Breakthroughs we are seeing in medical materials today are just the tip of the iceberg of what is coming, since technology continues to drive innovation. The field of smart polymers, for example, is rife for exploration. Uninvestigated technologies such as oxygen-detection materials for touch screens, lubricants that can be reactivated after multiple autoclave cycles and autoclave-resistant lubricants and coatings need attention. Printable pharmaceuticals and swallowables that perform diagnostics and transfer data to remote devices are also an untapped and unmet need.

Jackie Anim is Principal Material Engineer and Subject Matter Expert at Ethicon (Cincinnati, OH), part of the Johnson & Johnson (JNJ) family of companies. She provides leadership and direction in the identification and selection of polymer-based materials for sustaining and new product development involving digital and non-digital medical devices and instruments at Ethicon and other JNJ businesses. 

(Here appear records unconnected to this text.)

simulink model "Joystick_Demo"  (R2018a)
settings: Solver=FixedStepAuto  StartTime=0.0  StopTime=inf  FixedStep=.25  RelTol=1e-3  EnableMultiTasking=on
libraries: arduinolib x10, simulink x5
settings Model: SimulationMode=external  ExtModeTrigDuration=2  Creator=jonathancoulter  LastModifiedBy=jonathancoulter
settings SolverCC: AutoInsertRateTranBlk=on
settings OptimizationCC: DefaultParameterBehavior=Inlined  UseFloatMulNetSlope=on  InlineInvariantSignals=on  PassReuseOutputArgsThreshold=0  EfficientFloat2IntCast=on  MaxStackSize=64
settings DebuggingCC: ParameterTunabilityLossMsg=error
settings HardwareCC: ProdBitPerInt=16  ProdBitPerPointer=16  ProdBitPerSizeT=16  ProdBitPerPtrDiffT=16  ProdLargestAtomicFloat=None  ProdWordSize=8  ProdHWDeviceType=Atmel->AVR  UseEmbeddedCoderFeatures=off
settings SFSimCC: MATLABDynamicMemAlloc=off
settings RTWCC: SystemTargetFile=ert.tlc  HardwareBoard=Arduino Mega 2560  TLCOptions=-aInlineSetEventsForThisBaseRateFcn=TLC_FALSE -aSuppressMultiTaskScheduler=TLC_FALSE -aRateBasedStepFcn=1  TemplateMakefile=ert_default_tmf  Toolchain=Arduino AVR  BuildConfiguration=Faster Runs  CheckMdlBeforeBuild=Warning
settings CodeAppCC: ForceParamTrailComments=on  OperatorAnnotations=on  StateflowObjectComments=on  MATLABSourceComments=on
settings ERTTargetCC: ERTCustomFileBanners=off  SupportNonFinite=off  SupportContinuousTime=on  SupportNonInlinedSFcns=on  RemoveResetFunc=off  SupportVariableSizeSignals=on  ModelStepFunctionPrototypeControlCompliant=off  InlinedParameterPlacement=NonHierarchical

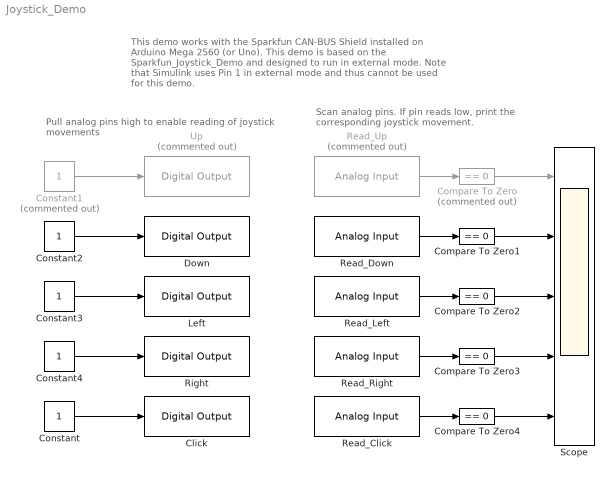
== system Joystick_Demo ==
  note: Pull analog pins high to enable reading of joystick movements
  note: This demo works with the Sparkfun CAN-BUS Shield installed on Arduino Mega 2560 (or Uno).
      | This demo is based on the Sparkfun_Joystick_Demo and designed to run in external mode.
      | Note that Simulink uses Pin 1 in external mode and thus cannot be used for this demo.
  note: Scan analog pins. If pin reads low, print the corresponding joystick movement.
  Click : arduinolib/Digital Output  pinNumber=4  blockPlatform=arduino
  Compare To Zero : simulink/Logic and Bit Operations/Compare To Zero  Commented=on  relop===  OutDataTypeStr=boolean
  Compare To Zero{1..4} (4 alike) : simulink/Logic and Bit Operations/Compare To Zero  relop===  OutDataTypeStr=boolean
  Constant{,2..4} (4 alike) : Constant  OutDataTypeStr=uint8
  Constant1 : Constant  Commented=on  OutDataTypeStr=uint8
  Down : arduinolib/Digital Output  pinNumber=3  blockPlatform=arduino
  Left : arduinolib/Digital Output  pinNumber=2  blockPlatform=arduino
  Read_Click : arduinolib/Analog Input  pinNumber=4  ReadResultsOnly=off  ConversionTriggerSource=Software  ExternalTriggerType=uint32(0)  OutputDataType=uint16  EnableConversionCompleteNotify=off  EnableOuputStatus=off  SampleTime=-1  blockPlatform=arduino
  Read_Down : arduinolib/Analog Input  pinNumber=3  ReadResultsOnly=off  ConversionTriggerSource=Software  ExternalTriggerType=uint32(0)  OutputDataType=uint16  EnableConversionCompleteNotify=off  EnableOuputStatus=off  SampleTime=-1  blockPlatform=arduino
  Read_Left : arduinolib/Analog Input  pinNumber=2  ReadResultsOnly=off  ConversionTriggerSource=Software  ExternalTriggerType=uint32(0)  OutputDataType=uint16  EnableConversionCompleteNotify=off  EnableOuputStatus=off  SampleTime=-1  blockPlatform=arduino
  Read_Right : arduinolib/Analog Input  pinNumber=5  ReadResultsOnly=off  ConversionTriggerSource=Software  ExternalTriggerType=uint32(0)  OutputDataType=uint16  EnableConversionCompleteNotify=off  EnableOuputStatus=off  SampleTime=-1  blockPlatform=arduino
  Read_Up : arduinolib/Analog Input  Commented=on  pinNumber=1  ReadResultsOnly=off  ConversionTriggerSource=Software  ExternalTriggerType=uint32(0)  OutputDataType=uint16  EnableConversionCompleteNotify=off  EnableOuputStatus=off  SampleTime=-1  blockPlatform=arduino
  Right : arduinolib/Digital Output  pinNumber=5  blockPlatform=arduino
  Scope : Scope  NumInputPorts=5
  Up : arduinolib/Digital Output  Commented=on  pinNumber=1  blockPlatform=arduino
  wires:
  Constant/1 -> Click/1
  Constant1/1 -> Up/1
  Constant2/1 -> Down/1
  Constant3/1 -> Left/1
  Constant4/1 -> Right/1
  Read_Up/1 -> Compare To Zero/1
  Read_Down/1 -> Compare To Zero1/1
  Read_Left/1 -> Compare To Zero2/1
  Read_Right/1 -> Compare To Zero3/1
  Read_Click/1 -> Compare To Zero4/1
  Compare To Zero/1 -> Scope/1
  Compare To Zero1/1 -> Scope/2
  Compare To Zero2/1 -> Scope/3
  Compare To Zero3/1 -> Scope/4
  Compare To Zero4/1 -> Scope/5

A certified Six Sigma green belt champion, Anim has more than 24 years of experience in material science and material application engineering. In 2015, she received the JNJ Global Surgery Award for Scientific Excellence for her role in leading the development and implementation of an injection moldable electro-mechanical proprietary material for harmonic powered medical devices.

Anim is a member of the Society of Plastic Engineers and the American Institute of Chemical Engineers. A published author, she holds nine patents involving plastic applications.